There are 2 main types of HTTPS proxy - the forwarding proxy, and the man-in-the-middle. The “forwarding proxy” is very boring. It proxies HTTPS data without ever decrypting it. However, it can’t reuse the approach taken by HTTP proxies, because it only ever sees the data passing through it as unreadable, TLS-encrypted bytes of nonsense. This means that it can’t read the HTTP Host
header, and so can’t use it to redirect the data passing through it. It needs an alternative solution. It’s no use sending your PA the encrypted name of your friend if they are unable to decrypt it.
The HTTPS protocol solves this problem by sending proxies an additional, proxy-specific CONNECT
request. If a client knows that its HTTPS requests are going to be passing through a proxy, it precedes each of them with a separate HTTP CONNECT
request. This request explicitly tells the proxy, in unencrypted plaintext, the hostname to which it should send the encrypted request that will follow shortly after. This means that the proxy does not need to decrypt the main payload in order to be able to route it correctly. This is like sending your PA a preliminary, unencrypted text message describing what they should do with the encrypted nonsense that you are about to send over.
The second type of HTTPS proxy, and the type that we are building, is the “man-in-the-middle” (MITM). As we have already discussed, a MITM differs from a forwarding proxy because it is able to decrypt and read the data that passes through it. This means that it can read the plaintext contents of an HTTP request, and so can also read the intended destination stored in its HTTP Host
header. The HTTPS MITM can forward the request to this location, in exactly the same way as an HTTP proxy does.
MITMs still usually prefer to imitate forwarding proxies and use CONNECT
requests where possible. The only time they use the Host
header is when a “non-proxy-aware” client doesn’t know or doesn’t care that they are connected to a proxy, and do not send preliminary CONNECT
requests. In this situation, the Host
header is a useful fallback.
We now know how to persuade your smartphone to send its data to our proxy, and how to make sure our proxy receives this data safely. All that remains is for us to handle TLS encryption between your smartphone and our proxy.
2.3 The Fake Certificate Authority
Hopefully the TCP-based protocol that you are trying to inspect uses TLS encryption. It’s 2018, the internet is still a very dangerous place, and there’s no excuse for not encrypting absolutely everything.
TLS (sometimes known as SSL) is the form of encryption used by HTTPS in order to keep your online banking details safe. However, TLS can be used by any TCP-based protocol, not just HTTPS. This is because TLS doesn’t care about the form of the data it is encrypting. It can be HTTP, FTP, XML, or just total unstructured nonsense. This agnosticism means that our TCP proxy can reuse all the same TLS techniques commonly documented and used by HTTPS proxies.
The main TLS problem that we will need to solve is persuading your smartphone to trust our proxy. Once we have done this, the task of decrypting the data sent by your smartphone will be straightforward, because we can delegate it to known, well-tested libraries.

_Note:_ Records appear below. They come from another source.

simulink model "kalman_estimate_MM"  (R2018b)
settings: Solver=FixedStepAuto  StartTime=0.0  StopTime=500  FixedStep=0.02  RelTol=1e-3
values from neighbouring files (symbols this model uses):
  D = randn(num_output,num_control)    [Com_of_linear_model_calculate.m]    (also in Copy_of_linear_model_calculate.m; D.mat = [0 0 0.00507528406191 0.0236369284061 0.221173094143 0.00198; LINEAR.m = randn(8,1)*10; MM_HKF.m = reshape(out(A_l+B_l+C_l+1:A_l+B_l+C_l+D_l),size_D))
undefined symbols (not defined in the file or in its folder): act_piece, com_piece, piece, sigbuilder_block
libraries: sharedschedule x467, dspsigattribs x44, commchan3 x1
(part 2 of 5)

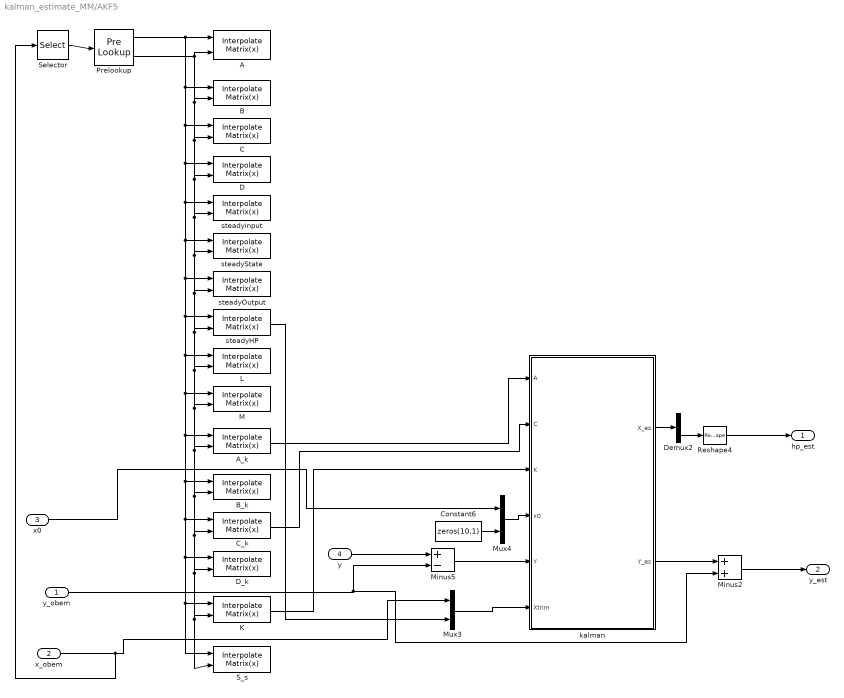
== system kalman_estimate_MM/AKF5 ==
  "y_obem " : Inport
  x_obem : Inport  Port=2
  x0 : Inport  Port=3
  y : Inport  Port=4
  A : sharedschedule/Interpolate Matrix(x)   matrix=piece.A  aMode=aMode
      settings: SourceProductName=Aerospace Blockset  SourceProductBaseCode=AE
  A_k : sharedschedule/Interpolate Matrix(x)   matrix=piece.A_k  aMode=aMode
      settings: SourceProductName=Aerospace Blockset  SourceProductBaseCode=AE
  B : sharedschedule/Interpolate Matrix(x)   matrix=piece.B  aMode=aMode
      settings: SourceProductName=Aerospace Blockset  SourceProductBaseCode=AE
  B_k : sharedschedule/Interpolate Matrix(x)   matrix=piece.B_k  aMode=aMode
      settings: SourceProductName=Aerospace Blockset  SourceProductBaseCode=AE
  C : sharedschedule/Interpolate Matrix(x)   matrix=piece.C  aMode=aMode
      settings: SourceProductName=Aerospace Blockset  SourceProductBaseCode=AE
  C_k : sharedschedule/Interpolate Matrix(x)   matrix=piece.C_k  aMode=aMode
      settings: SourceProductName=Aerospace Blockset  SourceProductBaseCode=AE
  Constant6 : Constant  Value=zeros(10,1)  VectorParams1D=off
  D : sharedschedule/Interpolate Matrix(x)   matrix=piece.D  aMode=aMode
      settings: SourceProductName=Aerospace Blockset  SourceProductBaseCode=AE
  D_k : sharedschedule/Interpolate Matrix(x)   matrix=piece.D_k  aMode=aMode
      settings: SourceProductName=Aerospace Blockset  SourceProductBaseCode=AE
  Demux2 : Demux  Outputs=[2,10]
  K : sharedschedule/Interpolate Matrix(x)   matrix=piece.K  aMode=aMode
      settings: SourceProductName=Aerospace Blockset  SourceProductBaseCode=AE
  L : sharedschedule/Interpolate Matrix(x)   matrix=piece.L  aMode=aMode
      settings: SourceProductName=Aerospace Blockset  SourceProductBaseCode=AE
  M : sharedschedule/Interpolate Matrix(x)   matrix=piece.M  aMode=aMode
      settings: SourceProductName=Aerospace Blockset  SourceProductBaseCode=AE
  Minus2 : Sum
  Minus5 : Sum  Inputs=+-
  Mux3 : Mux  Inputs=2
  Mux4 : Mux  Inputs=2
  Prelookup : PreLookup  BreakpointsData=piece.Nl  BreakpointObject=Nl  ExtrapMethod=Linear  UseLastBreakpoint=on  DiagnosticForOutOfRangeInput=Warning
  Reshape4 : Reshape  OutputDimensionality=Row vector (2-D)
  S_s : sharedschedule/Interpolate Matrix(x)   matrix=piece.K_s  aMode=aMode
      settings: SourceProductName=Aerospace Blockset  SourceProductBaseCode=AE
  Selector : Selector  InputPortWidth=2  IndexOptions=Index vector (dialog)  Indices=[1]  OutputSizes=1
  "kalman " : Subsystem
  steadyHP : sharedschedule/Interpolate Matrix(x)   matrix=piece.steadyHP  aMode=aMode
      settings: SourceProductName=Aerospace Blockset  SourceProductBaseCode=AE
  steadyOutput : sharedschedule/Interpolate Matrix(x)   matrix=piece.steadyOutput  aMode=aMode
      settings: SourceProductName=Aerospace Blockset  SourceProductBaseCode=AE
  steadyState : sharedschedule/Interpolate Matrix(x)   matrix=piece.steadyState  aMode=aMode
      settings: SourceProductName=Aerospace Blockset  SourceProductBaseCode=AE
  steadyinput : sharedschedule/Interpolate Matrix(x)   matrix=piece.steadyInput  aMode=aMode
      settings: SourceProductName=Aerospace Blockset  SourceProductBaseCode=AE
  hp_est : Outport
  y_est : Outport  Port=2
  wires:
  Reshape4/1 -> hp_est/1
  Prelookup/2 -> A/2, S_s/2, K/2, D_k/2, C_k/2, B_k/2, A_k/2, M/2, L/2, steadyHP/2, steadyOutput/2, steadyState/2, steadyinput/2, D/2, C/2, B/2
  Prelookup/1 -> S_s/1, K/1, D_k/1, C_k/1, B_k/1, A_k/1, M/1, L/1, steadyHP/1, steadyOutput/1, steadyState/1, steadyinput/1, D/1, C/1, B/1, A/1
  K/1 -> "kalman "/3(K)
  Selector/1 -> Prelookup/1
  x0/1 -> Mux4/1
  A_k/1 -> "kalman "/1(A)
  "kalman "/1(X_es) -> Demux2/1
  "kalman "/2(Y_es) -> Minus2/1
  Mux3/1 -> "kalman "/6(Xtrim)
  y/1 -> Minus5/1
  Minus5/1 -> "kalman "/5(Y)
  Demux2/2 -> Reshape4/1
  C_k/1 -> "kalman "/2(C)
  "y_obem "/1 -> Minus2/2, Minus5/2
  Mux4/1 -> "kalman "/4(x0)
  Constant6/1 -> Mux4/2
  steadyHP/1 -> Mux3/2
  Minus2/1 -> y_est/1
  x_obem/1 -> Selector/1, Mux3/1

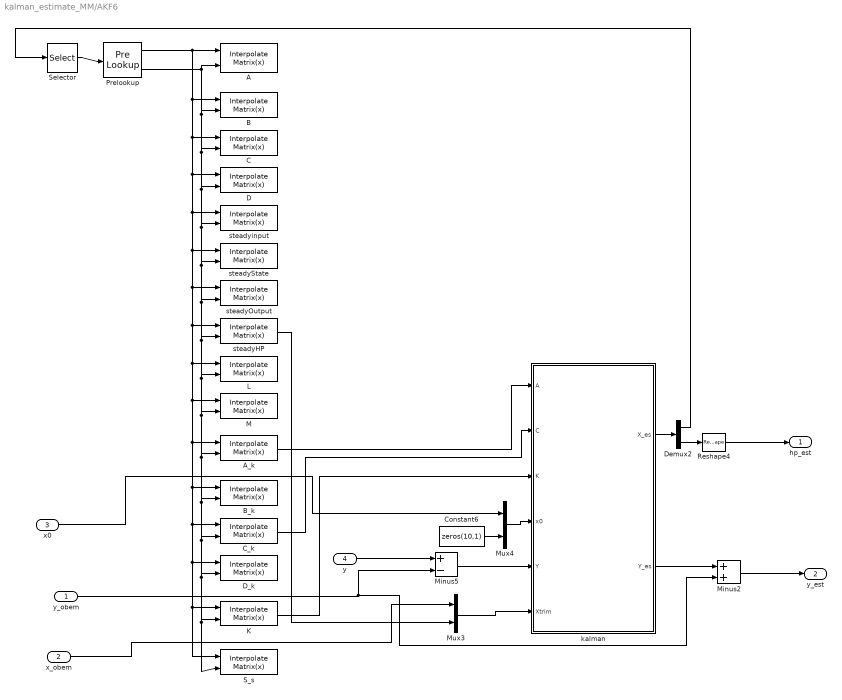
== system kalman_estimate_MM/AKF6 ==
  "y_obem " : Inport
  x_obem : Inport  Port=2
  x0 : Inport  Port=3
  y : Inport  Port=4
  A : sharedschedule/Interpolate Matrix(x)   matrix=piece.A  aMode=aMode
      settings: SourceProductName=Aerospace Blockset  SourceProductBaseCode=AE
  A_k : sharedschedule/Interpolate Matrix(x)   matrix=piece.A_k  aMode=aMode
      settings: SourceProductName=Aerospace Blockset  SourceProductBaseCode=AE
  B : sharedschedule/Interpolate Matrix(x)   matrix=piece.B  aMode=aMode
      settings: SourceProductName=Aerospace Blockset  SourceProductBaseCode=AE
  B_k : sharedschedule/Interpolate Matrix(x)   matrix=piece.B_k  aMode=aMode
      settings: SourceProductName=Aerospace Blockset  SourceProductBaseCode=AE
  C : sharedschedule/Interpolate Matrix(x)   matrix=piece.C  aMode=aMode
      settings: SourceProductName=Aerospace Blockset  SourceProductBaseCode=AE
  C_k : sharedschedule/Interpolate Matrix(x)   matrix=piece.C_k  aMode=aMode
      settings: SourceProductName=Aerospace Blockset  SourceProductBaseCode=AE
  Constant6 : Constant  Value=zeros(10,1)  VectorParams1D=off
  D : sharedschedule/Interpolate Matrix(x)   matrix=piece.D  aMode=aMode
      settings: SourceProductName=Aerospace Blockset  SourceProductBaseCode=AE
  D_k : sharedschedule/Interpolate Matrix(x)   matrix=piece.D_k  aMode=aMode
      settings: SourceProductName=Aerospace Blockset  SourceProductBaseCode=AE
  Demux2 : Demux  Outputs=[2,10]
  K : sharedschedule/Interpolate Matrix(x)   matrix=piece.K  aMode=aMode
      settings: SourceProductName=Aerospace Blockset  SourceProductBaseCode=AE
  L : sharedschedule/Interpolate Matrix(x)   matrix=piece.L  aMode=aMode
      settings: SourceProductName=Aerospace Blockset  SourceProductBaseCode=AE
  M : sharedschedule/Interpolate Matrix(x)   matrix=piece.M  aMode=aMode
      settings: SourceProductName=Aerospace Blockset  SourceProductBaseCode=AE
  Minus2 : Sum
  Minus5 : Sum  Inputs=+-
  Mux3 : Mux  Inputs=2
  Mux4 : Mux  Inputs=2
  Prelookup : PreLookup  BreakpointsData=piece.Nl  BreakpointObject=Nl  ExtrapMethod=Linear  UseLastBreakpoint=on  DiagnosticForOutOfRangeInput=Warning
  Reshape4 : Reshape  OutputDimensionality=Row vector (2-D)
  S_s : sharedschedule/Interpolate Matrix(x)   matrix=piece.K_s  aMode=aMode
      settings: SourceProductName=Aerospace Blockset  SourceProductBaseCode=AE
  Selector : Selector  InputPortWidth=2  IndexOptions=Index vector (dialog)  Indices=[1]  OutputSizes=1
  "kalman " : Subsystem
  steadyHP : sharedschedule/Interpolate Matrix(x)   matrix=piece.steadyHP  aMode=aMode
      settings: SourceProductName=Aerospace Blockset  SourceProductBaseCode=AE
  steadyOutput : sharedschedule/Interpolate Matrix(x)   matrix=piece.steadyOutput  aMode=aMode
      settings: SourceProductName=Aerospace Blockset  SourceProductBaseCode=AE
  steadyState : sharedschedule/Interpolate Matrix(x)   matrix=piece.steadyState  aMode=aMode
      settings: SourceProductName=Aerospace Blockset  SourceProductBaseCode=AE
  steadyinput : sharedschedule/Interpolate Matrix(x)   matrix=piece.steadyInput  aMode=aMode
      settings: SourceProductName=Aerospace Blockset  SourceProductBaseCode=AE
  hp_est : Outport
  y_est : Outport  Port=2
  wires:
  x_obem/1 -> Mux3/1
  Minus2/1 -> y_est/1
  steadyHP/1 -> Mux3/2
  Constant6/1 -> Mux4/2
  Mux4/1 -> "kalman "/4(x0)
  "y_obem "/1 -> Minus5/2, Minus2/2
  C_k/1 -> "kalman "/2(C)
  Demux2/2 -> Reshape4/1
  Minus5/1 -> "kalman "/5(Y)
  y/1 -> Minus5/1
  Mux3/1 -> "kalman "/6(Xtrim)
  "kalman "/2(Y_es) -> Minus2/1
  Demux2/1 -> Selector/1
  "kalman "/1(X_es) -> Demux2/1
  A_k/1 -> "kalman "/1(A)
  x0/1 -> Mux4/1
  Selector/1 -> Prelookup/1
  K/1 -> "kalman "/3(K)
  Prelookup/1 -> A/1, B/1, C/1, D/1, steadyinput/1, steadyState/1, steadyOutput/1, steadyHP/1, L/1, M/1, A_k/1, B_k/1, C_k/1, D_k/1, K/1, S_s/1
  Prelookup/2 -> B/2, C/2, D/2, steadyinput/2, steadyState/2, steadyOutput/2, steadyHP/2, L/2, M/2, A_k/2, B_k/2, C_k/2, D_k/2, K/2, S_s/2, A/2
  Reshape4/1 -> hp_est/1

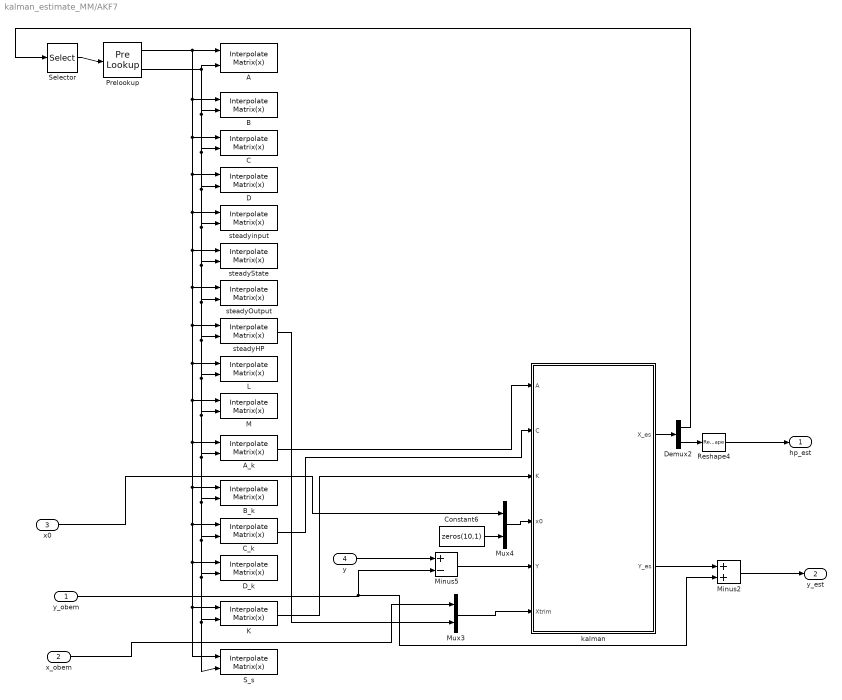
== system kalman_estimate_MM/AKF7 ==
  "y_obem " : Inport
  x_obem : Inport  Port=2
  x0 : Inport  Port=3
  y : Inport  Port=4
  A : sharedschedule/Interpolate Matrix(x)   matrix=piece.A  aMode=aMode
      settings: SourceProductName=Aerospace Blockset  SourceProductBaseCode=AE
  A_k : sharedschedule/Interpolate Matrix(x)   matrix=piece.A_k  aMode=aMode
      settings: SourceProductName=Aerospace Blockset  SourceProductBaseCode=AE
  B : sharedschedule/Interpolate Matrix(x)   matrix=piece.B  aMode=aMode
      settings: SourceProductName=Aerospace Blockset  SourceProductBaseCode=AE
  B_k : sharedschedule/Interpolate Matrix(x)   matrix=piece.B_k  aMode=aMode
      settings: SourceProductName=Aerospace Blockset  SourceProductBaseCode=AE
  C : sharedschedule/Interpolate Matrix(x)   matrix=piece.C  aMode=aMode
      settings: SourceProductName=Aerospace Blockset  SourceProductBaseCode=AE
  C_k : sharedschedule/Interpolate Matrix(x)   matrix=piece.C_k  aMode=aMode
      settings: SourceProductName=Aerospace Blockset  SourceProductBaseCode=AE
  Constant6 : Constant  Value=zeros(10,1)  VectorParams1D=off
  D : sharedschedule/Interpolate Matrix(x)   matrix=piece.D  aMode=aMode
      settings: SourceProductName=Aerospace Blockset  SourceProductBaseCode=AE
  D_k : sharedschedule/Interpolate Matrix(x)   matrix=piece.D_k  aMode=aMode
      settings: SourceProductName=Aerospace Blockset  SourceProductBaseCode=AE
  Demux2 : Demux  Outputs=[2,10]
  K : sharedschedule/Interpolate Matrix(x)   matrix=piece.K  aMode=aMode
      settings: SourceProductName=Aerospace Blockset  SourceProductBaseCode=AE
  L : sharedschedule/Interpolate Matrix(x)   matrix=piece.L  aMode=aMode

2.3.1 TLS Certificates and Certificate Authorities
Your smartphone is suspicious and untrusting of the outside world - and rightly so. How is it meant to know who that server claiming to represent api.targetapp.com
really belongs to? There’s no point your smartphone carefully securing and encrypting your data if it then sends it to the wrong person.
TLS encryption soothes your smartphone’s paranoia, and makes our job slightly more difficult at the same time. TLS doesn’t just encrypt data before sending it; it also verifies that it is sending this encrypted data to the right place.
TLS connections are agreed and verified by a process known as a TLS handshake. During a TLS handshake, the client and server introduce themselves to each other. The client verifies the server’s identity (sometimes vice-versa as well), and the two parties agree on the encryption keys to use to secure their traffic. They exchange all of this information over a TCP connection.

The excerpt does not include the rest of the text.